Question

Child height (cm)	Father height (cm)	Gender
145.0	136.5	M
125.5	121.0	M
125.5	119.5	M
133.5	128.0	M
126.0	135.5	M
142.5	131.0	M
127.5	134.5	M
133.5	132.5	M
130.5	133.5	M
131.0	126.0	M
136.0	124.0	M
132.5	146.5	M
132.0	134.5	M
121.5	142.0	M
131.0	119.0	M
136.0	133.5	M
134.5	118.5	M
138.5	134.0	F
128.5	132.0	F
140.5	131.5	F
134.5	141.5	F
132.5	136.5	F
126.0	136.5	F
143.0	136.0	F
130.0	143.0	F
123.5	134.0	F
143.5	146.0	F
140.0	137.0	F
132.5	136.5	F
138.5	144.0	F
135.0	139.0	F
135.0	136.0	F

using the Minitab software:

e. Construct the Box plot and Stem-Leave for the child’s height.

f. Compute the upper and lower bounds of the IQR for the Father height.

g. Compute the mean and standard deviation for the child’s height.

h. Test the normality for the child’s height.

i. Estimate a 95% confidence interval for the child’s height. Assume the population standard deviation is 6.1. Interpret the results.
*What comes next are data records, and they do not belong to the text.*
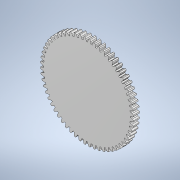
# Autodesk Inventor part: 二段m1z60
Saved by Autodesk Inventor 2022.2 (Build 262287010, 287A)
## iProperties
Created: 2022-03-13
Part Number: 二段m1z60
Material: Aluminum 2014-T6
Document SubType Name: Modeling
Designer: acps
Density: 2.78927 g/cm^3
Appearance: Satin
Author: acps
Autodesk Inventor part; units mm, degrees
ref_plane "YZ Plane" through (0, 0, 0) normal (1, 0, 0) x (0, 1, 0)
ref_plane "XZ Plane" through (0, 0, 0) normal (0, 1, 0) x (-1, 0, 0)
ref_plane "XY Plane" through (0, 0, 0) normal (0, 0, 1) x (1, 0, 0)
sketch "Sketch1" plane through (0, 0, 0) normal (0, 0, 1) x (1, 0, 0)
  arc A0 (0.5381, 29.2813) -> (0.3992, 28.7472) centre (7.046, 27.304) ccw
  arc A1 (0.7944, 30.0128) -> (0.5381, 29.2813) centre (9.2841, 26.6271) ccw
  arc A2 (1.223, 30.9617) -> (0.7944, 30.0128) centre (11.5695, 25.7177) ccw
  arc A3 (-2.5272, 29.1688) -> (-2.6079, 28.6315) centre (4.1534, 27.891) ccw
  arc A4 (-2.3471, 29.9314) -> (-2.5272, 29.1688) centre (6.45, 27.4517) ccw
  arc A5 (-2.0201, 30.9199) -> (-2.3471, 29.9314) centre (8.8179, 26.7861) ccw
  arc A6 (-5.5616, 28.7533) -> (-5.5864, 28.202) centre (1.2152, 28.1723) ccw
  arc A7 (-5.4629, 29.5221) -> (-5.5616, 28.7533) centre (3.5452, 27.9755) ccw
  arc A8 (-5.241, 30.5394) -> (-5.4629, 29.5221) centre (5.9697, 27.5611) ccw
  arc A9 (-8.5367, 28.0144) -> (-8.5037, 27.4636) centre (-1.7362, 28.145) ccw
  arc A10 (-8.5189, 28.7893) -> (-8.5367, 28.0144) centre (0.6015, 28.1928) ccw
  arc A11 (-8.4046, 29.8243) -> (-8.5189, 28.7893) centre (3.0561, 28.0342) ccw
  arc A12 (-11.4182, 26.9686) -> (-11.3278, 26.4243) centre (-4.6687, 27.8093) ccw
  arc A13 (-11.4816, 27.7412) -> (-11.4182, 26.9686) centre (-2.3488, 28.1012) ccw
  arc A14 (-11.476, 28.7824) -> (-11.4816, 27.7412) centre (0.109, 28.2) ccw
  arc A15 (-14.1746, 25.6274) -> (-14.0279, 25.0954) centre (-7.55, 27.169) ccw
  arc A16 (-14.3184, 26.389) -> (-14.1746, 25.6274) centre (-5.2733, 27.7018) ccw
  arc A17 (-14.4217, 27.4251) -> (-14.3184, 26.389) centre (-2.8393, 28.057) ccw
  arc A18 (-16.7758, 24.0053) -> (-16.5742, 23.4917) centre (-10.3486, 26.231) ccw
  arc A19 (-16.9984, 24.7478) -> (-16.7758, 24.0053) centre (-8.14, 26.9988) ccw
  arc A20 (-17.2094, 25.7674) -> (-16.9984, 24.7478) centre (-5.7565, 27.6065) ccw
  arc A21 (-19.1931, 22.1203) -> (-18.939, 21.6305) centre (-13.0337, 25.0056) ccw
  arc A22 (-19.4921, 22.8354) -> (-19.1931, 22.1203) centre (-10.9176, 26.0001) ccw
  arc A23 (-19.8086, 23.8274) -> (-19.4921, 22.8354) centre (-8.6106, 26.8535) ccw
  arc A24 (-21.4002, 19.9929) -> (-21.0962, 19.5323) centre (-15.5761, 23.5062) ccw
  arc A25 (-21.7723, 20.6728) -> (-21.4002, 19.9929) centre (-13.5755, 24.7164) ccw
  arc A26 (-22.1907, 21.6263) -> (-21.7723, 20.6728) centre (-11.3704, 25.8063) ccw
  arc A27 (-23.3728, 17.6464) -> (-23.0223, 17.2202) centre (-17.9479, 21.7493) ccw
  arc A28 (-23.8139, 18.2838) -> (-23.3728, 17.6464) centre (-16.0847, 23.162) ccw
  arc A29 (-24.3297, 19.1883) -> (-23.8139, 18.2838) centre (-14.0056, 24.4764) ccw
  arc A30 (-25.0893, 15.1066) -> (-24.6962, 14.7194) centre (-20.123, 19.754) ccw
  arc A31 (-25.5946, 15.6944) -> (-25.0893, 15.1066) centre (-18.4177, 21.3538) ccw
  arc A32 (-26.2021, 16.54) -> (-25.5946, 15.6944) centre (-16.4874, 22.8784) ccw
  arc A33 (-26.5309, 12.4013) -> (-26.0995, 12.0573) centre (-22.0776, 17.5424) ccw
  arc A34 (-27.0949, 12.933) -> (-26.5309, 12.4013) centre (-20.5489, 19.3117) ccw
  arc A35 (-27.7875, 13.7105) -> (-27.0949, 12.933) centre (-18.7885, 21.0296) ccw
  arc A36 (-27.6819, 9.5602) -> (-27.2169, 9.2631) centre (-23.7903, 15.1386) ccw
  arc A37 (-28.2984, 10.03) -> (-27.6819, 9.5602) centre (-22.4549, 17.0579) ccw
  arc A38 (-29.0684, 10.7308) -> (-28.2984, 10.03) centre (-20.8838, 18.9505) ccw
  arc A39 (-28.5295, 6.6143) -> (-28.036, 6.3674) centre (-25.2424, 12.5689) ccw
  arc A40 (-29.1918, 7.0171) -> (-28.5295, 6.6143) centre (-24.1149, 14.6173) ccw
  arc A41 (-30.0309, 7.6336) -> (-29.1918, 7.0171) centre (-22.7503, 16.6637) ccw
  arc A42 (-29.0646, 3.5959) -> (-28.548, 3.4019) centre (-26.4179, 9.8615) ccw
  arc A43 (-29.7653, 3.9273) -> (-29.0646, 3.5959) centre (-25.5108, 12.0165) ccw
  arc A44 (-30.6643, 4.4527) -> (-29.7653, 3.9273) centre (-24.3675, 14.1944) ccw
  arc A45 (-29.2813, 0.5381) -> (-28.7472, 0.3992) centre (-27.304, 7.046) ccw
  arc A46 (-30.0128, 0.7944) -> (-29.2813, 0.5381) centre (-26.6271, 9.2841) ccw
  arc A47 (-30.9617, 1.223) -> (-30.0128, 0.7944) centre (-25.7177, 11.5695) ccw
  arc A48 (-29.1771, -2.5256) -> (-28.6315, -2.6079) centre (-27.891, 4.1534) ccw
  arc A49 (-29.9314, -2.3471) -> (-29.1771, -2.5256) centre (-27.4517, 6.45) ccw
  arc A50 (-30.9199, -2.0201) -> (-29.9314, -2.3471) centre (-26.7862, 8.8179) ccw
  arc A51 (-28.7533, -5.5616) -> (-28.202, -5.5864) centre (-28.1723, 1.2152) ccw
  arc A52 (-29.5221, -5.4629) -> (-28.7533, -5.5616) centre (-27.9755, 3.5452) ccw
  arc A53 (-30.5394, -5.241) -> (-29.5221, -5.4629) centre (-27.5611, 5.9697) ccw
  arc A54 (-28.0144, -8.5367) -> (-27.4636, -8.5037) centre (-28.145, -1.7362) ccw
  arc A55 (-28.7893, -8.5189) -> (-28.0144, -8.5367) centre (-28.1928, 0.6015) ccw
  arc A56 (-29.8243, -8.4046) -> (-28.7893, -8.5189) centre (-28.0342, 3.0561) ccw
  arc A57 (-26.9686, -11.4182) -> (-26.4243, -11.3278) centre (-27.8093, -4.6687) ccw
  arc A58 (-27.7412, -11.4816) -> (-26.9686, -11.4182) centre (-28.1012, -2.3488) ccw
  arc A59 (-28.7824, -11.476) -> (-27.7412, -11.4816) centre (-28.2, 0.109) ccw
  arc A60 (-25.6274, -14.1746) -> (-25.0954, -14.0279) centre (-27.169, -7.55) ccw
  arc A61 (-26.389, -14.3184) -> (-25.6274, -14.1746) centre (-27.7018, -5.2733) ccw
  arc A62 (-27.4251, -14.4217) -> (-26.389, -14.3184) centre (-28.057, -2.8393) ccw
  arc A63 (-24.0053, -16.7758) -> (-23.4917, -16.5742) centre (-26.231, -10.3486) ccw
  arc A64 (-24.741, -16.9966) -> (-24.0053, -16.7758) centre (-26.9988, -8.14) ccw
  arc A65 (-25.7674, -17.2094) -> (-24.741, -16.9966) centre (-27.6065, -5.7565) ccw
  arc A66 (-22.1126, -19.1895) -> (-21.6305, -18.939) centre (-25.0056, -13.0337) ccw
  arc A67 (-22.8354, -19.4921) -> (-22.1126, -19.1895) centre (-26.0001, -10.9176) ccw
  arc A68 (-23.8274, -19.8086) -> (-22.8354, -19.4921) centre (-26.8535, -8.6106) ccw
  arc A69 (-19.9929, -21.4002) -> (-19.5323, -21.0962) centre (-23.5062, -15.5761) ccw
  arc A70 (-20.6728, -21.7723) -> (-19.9929, -21.4002) centre (-24.7164, -13.5755) ccw
  arc A71 (-21.6263, -22.1907) -> (-20.6728, -21.7723) centre (-25.8063, -11.3704) ccw
  arc A72 (-17.6464, -23.3728) -> (-17.2202, -23.0223) centre (-21.7493, -17.9479) ccw
  arc A73 (-18.2838, -23.8139) -> (-17.6464, -23.3728) centre (-23.162, -16.0847) ccw
  arc A74 (-19.1883, -24.3297) -> (-18.2838, -23.8139) centre (-24.4764, -14.0056) ccw
  arc A75 (-15.1066, -25.0893) -> (-14.7194, -24.6962) centre (-19.754, -20.123) ccw
  arc A76 (-15.6944, -25.5946) -> (-15.1066, -25.0893) centre (-21.3538, -18.4177) ccw
  arc A77 (-16.54, -26.2021) -> (-15.6944, -25.5946) centre (-22.8784, -16.4874) ccw
  arc A78 (-12.4013, -26.5309) -> (-12.0573, -26.0995) centre (-17.5424, -22.0776) ccw
  arc A79 (-12.933, -27.0949) -> (-12.4013, -26.5309) centre (-19.3117, -20.5489) ccw
  arc A80 (-13.7105, -27.7875) -> (-12.933, -27.0949) centre (-21.0296, -18.7885) ccw
  arc A81 (-9.5602, -27.6819) -> (-9.2631, -27.2169) centre (-15.1386, -23.7903) ccw
  arc A82 (-10.03, -28.2984) -> (-9.5602, -27.6819) centre (-17.0579, -22.4549) ccw
  arc A83 (-10.7308, -29.0684) -> (-10.03, -28.2984) centre (-18.9505, -20.8838) ccw
  arc A84 (-6.6143, -28.5295) -> (-6.3674, -28.036) centre (-12.5689, -25.2424) ccw
  arc A85 (-7.0171, -29.1918) -> (-6.6143, -28.5295) centre (-14.6173, -24.1149) ccw
  arc A86 (-7.6336, -30.0309) -> (-7.0171, -29.1918) centre (-16.6637, -22.7503) ccw
  arc A87 (-3.5959, -29.0646) -> (-3.4019, -28.548) centre (-9.8615, -26.4179) ccw
  arc A88 (-3.9273, -29.7653) -> (-3.5959, -29.0646) centre (-12.0165, -25.5108) ccw
  arc A89 (-4.4527, -30.6643) -> (-3.9273, -29.7653) centre (-14.1944, -24.3675) ccw
  arc A90 (-0.5381, -29.2813) -> (-0.3992, -28.7472) centre (-7.046, -27.304) ccw
  arc A91 (-0.7944, -30.0128) -> (-0.5381, -29.2813) centre (-9.2841, -26.6271) ccw
  arc A92 (-1.223, -30.9617) -> (-0.7944, -30.0128) centre (-11.5695, -25.7177) ccw
  arc A93 (2.5256, -29.1771) -> (2.6079, -28.6315) centre (-4.1534, -27.891) ccw
  arc A94 (2.3471, -29.9314) -> (2.5256, -29.1771) centre (-6.45, -27.4517) ccw
  arc A95 (2.0201, -30.9199) -> (2.3471, -29.9314) centre (-8.8179, -26.7862) ccw
  arc A96 (5.5616, -28.7533) -> (5.5864, -28.202) centre (-1.2152, -28.1723) ccw
  arc A97 (5.4629, -29.5221) -> (5.5616, -28.7533) centre (-3.5452, -27.9755) ccw
  arc A98 (5.241, -30.5394) -> (5.4629, -29.5221) centre (-5.9697, -27.5611) ccw
  arc A99 (8.5367, -28.0144) -> (8.5037, -27.4636) centre (1.7362, -28.145) ccw
  arc A100 (8.5189, -28.7893) -> (8.5367, -28.0144) centre (-0.6015, -28.1928) ccw
  arc A101 (8.4046, -29.8243) -> (8.5189, -28.7893) centre (-3.0561, -28.0342) ccw
  arc A102 (11.4182, -26.9686) -> (11.3278, -26.4243) centre (4.6687, -27.8093) ccw
  arc A103 (11.4816, -27.7412) -> (11.4182, -26.9686) centre (2.3488, -28.1012) ccw
  arc A104 (11.476, -28.7824) -> (11.4816, -27.7412) centre (-0.109, -28.2) ccw
  arc A105 (14.1746, -25.6274) -> (14.0279, -25.0954) centre (7.55, -27.169) ccw
  arc A106 (14.3184, -26.389) -> (14.1746, -25.6274) centre (5.2733, -27.7018) ccw
  arc A107 (14.4217, -27.4251) -> (14.3184, -26.389) centre (2.8393, -28.057) ccw
  arc A108 (16.7758, -24.0053) -> (16.5742, -23.4917) centre (10.3486, -26.231) ccw
  arc A109 (16.9984, -24.7478) -> (16.7758, -24.0053) centre (8.14, -26.9988) ccw
  arc A110 (17.2094, -25.7674) -> (16.9984, -24.7478) centre (5.7565, -27.6065) ccw
  arc A111 (19.1931, -22.1203) -> (18.939, -21.6305) centre (13.0337, -25.0056) ccw
  arc A112 (19.4921, -22.8354) -> (19.1931, -22.1203) centre (10.9176, -26.0001) ccw
  arc A113 (19.8086, -23.8274) -> (19.4921, -22.8354) centre (8.6106, -26.8535) ccw
  arc A114 (21.4002, -19.9929) -> (21.0962, -19.5323) centre (15.5761, -23.5062) ccw
  arc A115 (21.7723, -20.6728) -> (21.4002, -19.9929) centre (13.5755, -24.7164) ccw
  arc A116 (22.1907, -21.6263) -> (21.7723, -20.6728) centre (11.3704, -25.8063) ccw
  arc A117 (23.3728, -17.6464) -> (23.0223, -17.2202) centre (17.9479, -21.7493) ccw
  arc A118 (23.8139, -18.2838) -> (23.3728, -17.6464) centre (16.0847, -23.162) ccw
  arc A119 (24.3297, -19.1883) -> (23.8139, -18.2838) centre (14.0056, -24.4764) ccw
  arc A120 (25.0893, -15.1066) -> (24.6962, -14.7194) centre (20.123, -19.754) ccw
  arc A121 (25.5946, -15.6944) -> (25.0893, -15.1066) centre (18.4177, -21.3538) ccw
  arc A122 (26.2021, -16.54) -> (25.5946, -15.6944) centre (16.4874, -22.8784) ccw
  arc A123 (26.5309, -12.4013) -> (26.0995, -12.0573) centre (22.0776, -17.5424) ccw
  arc A124 (27.0949, -12.933) -> (26.5309, -12.4013) centre (20.5489, -19.3117) ccw
  arc A125 (27.7875, -13.7105) -> (27.0949, -12.933) centre (18.7885, -21.0296) ccw
  arc A126 (27.6819, -9.5602) -> (27.2169, -9.2631) centre (23.7903, -15.1386) ccw
  arc A127 (28.2984, -10.03) -> (27.6819, -9.5602) centre (22.4549, -17.0579) ccw
  arc A128 (29.0684, -10.7308) -> (28.2984, -10.03) centre (20.8838, -18.9505) ccw
  arc A129 (28.5295, -6.6143) -> (28.036, -6.3674) centre (25.2424, -12.5689) ccw
  arc A130 (29.1918, -7.0171) -> (28.5295, -6.6143) centre (24.1149, -14.6173) ccw
  arc A131 (30.0309, -7.6336) -> (29.1918, -7.0171) centre (22.7503, -16.6637) ccw
  arc A132 (29.0646, -3.5959) -> (28.548, -3.4019) centre (26.4179, -9.8615) ccw
  arc A133 (29.7653, -3.9273) -> (29.0646, -3.5959) centre (25.5108, -12.0165) ccw
  arc A134 (30.6643, -4.4527) -> (29.7653, -3.9273) centre (24.3675, -14.1944) ccw
  arc A135 (29.2813, -0.5381) -> (28.7472, -0.3992) centre (27.304, -7.046) ccw
  arc A136 (30.0128, -0.7944) -> (29.2813, -0.5381) centre (26.6271, -9.2841) ccw
  arc A137 (30.9617, -1.223) -> (30.0128, -0.7944) centre (25.7177, -11.5695) ccw
  arc A138 (29.1771, 2.5256) -> (28.6315, 2.6079) centre (27.891, -4.1534) ccw
  arc A139 (29.9314, 2.3471) -> (29.1771, 2.5256) centre (27.4517, -6.45) ccw
  arc A140 (30.9199, 2.0201) -> (29.9314, 2.3471) centre (26.7862, -8.8179) ccw
  arc A141 (28.7533, 5.5616) -> (28.202, 5.5864) centre (28.1723, -1.2152) ccw
  arc A142 (29.5221, 5.4629) -> (28.7533, 5.5616) centre (27.9755, -3.5452) ccw
  arc A143 (30.5394, 5.241) -> (29.5221, 5.4629) centre (27.5611, -5.9697) ccw
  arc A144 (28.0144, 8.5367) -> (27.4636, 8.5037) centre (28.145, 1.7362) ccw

j. Do the dataset provide sufficient evidence that the average of the child’s height is different from 140 cm? Using 1% significance level.

Answer 1

Que.e

Box plot:

Go to graph ---> Boxplot ---> Select 'Simple' and the select child height as graph variable.

Stem and leaf plot:

Go to graph ---> Stem and leaf plot---> select child height as graph variable.

Stem-and-leaf of Child height (cm) N = 32
Leaf Unit = 1.0
N* = 13

1 12 1
2 12 3
4 12 55
7 12 667
8 12 8
12 13 0011
(6) 13 222233
14 13 4455
10 13 66
8 13 88
6 14 00
4 14 233
1 14 5

Que.f

Select 'Stat' ---> 'Basic statistics' ---> 'Descriptive Statistics' ---> In 'Statistic' option select Q1, Q3 and IQR

output:

Descriptive Statistics: Father height (cm)

Variable N N* Minimum Q1 Median Q3 Maximum IQR
Father height (cm) 32 0 118.50 131.13 134.50 136.88 146.50 5.75

Thus

Lower bound = Q1 - 1.5 IQR = 131.13 - 1.5 * 5.75 = 122.505

Upper bound = Q3 + 1.5 IQR = 136.88 + 1.5 * 5.75 = 145.505

Que.g

Select 'Stat' ---> 'Basic statistics' ---> 'Descriptive Statistics'

Descriptive Statistics: Child height (cm)

Variable Mean StDev
Child height (cm) 133.30 6.08

Mean = 133.30

Standard deviation = 6.08

Que.8

Select 'Graph' ---> 'Probability plot' ---> Select variable child's height

Since p-value is greater than 0.05, we conclude that child's height are normally distributed.

Que.i

Select 'Stat' ---> 'Basic Statistic' ---> '1 Sample z test'

One-Sample Z: Child height (cm)

The assumed standard deviation = 6.1

Variable N Mean StDev SE Mean 95% CI
Child height (cm) 32 133.30 6.08 1.08 (131.18, 135.41)

Que. j

Select 'Stat' ---> 'Basic Statistic' ---> '1 Sample z test' ---> Refer following screen shot and enter information accordingly.

Output:

One-Sample Z: Child height (cm)

Test of μ = 140 vs ≠ 140
The assumed standard deviation = 6.1

Variable N Mean StDev SE Mean 99% CI Z P
Child height (cm) 32 133.30 6.08 1.08 (130.52, 136.07) -6.22 0.000

Since p-value is less than 0.01, we reject null hypothesis and conclude that the average of the child’s height is different from 140 cm.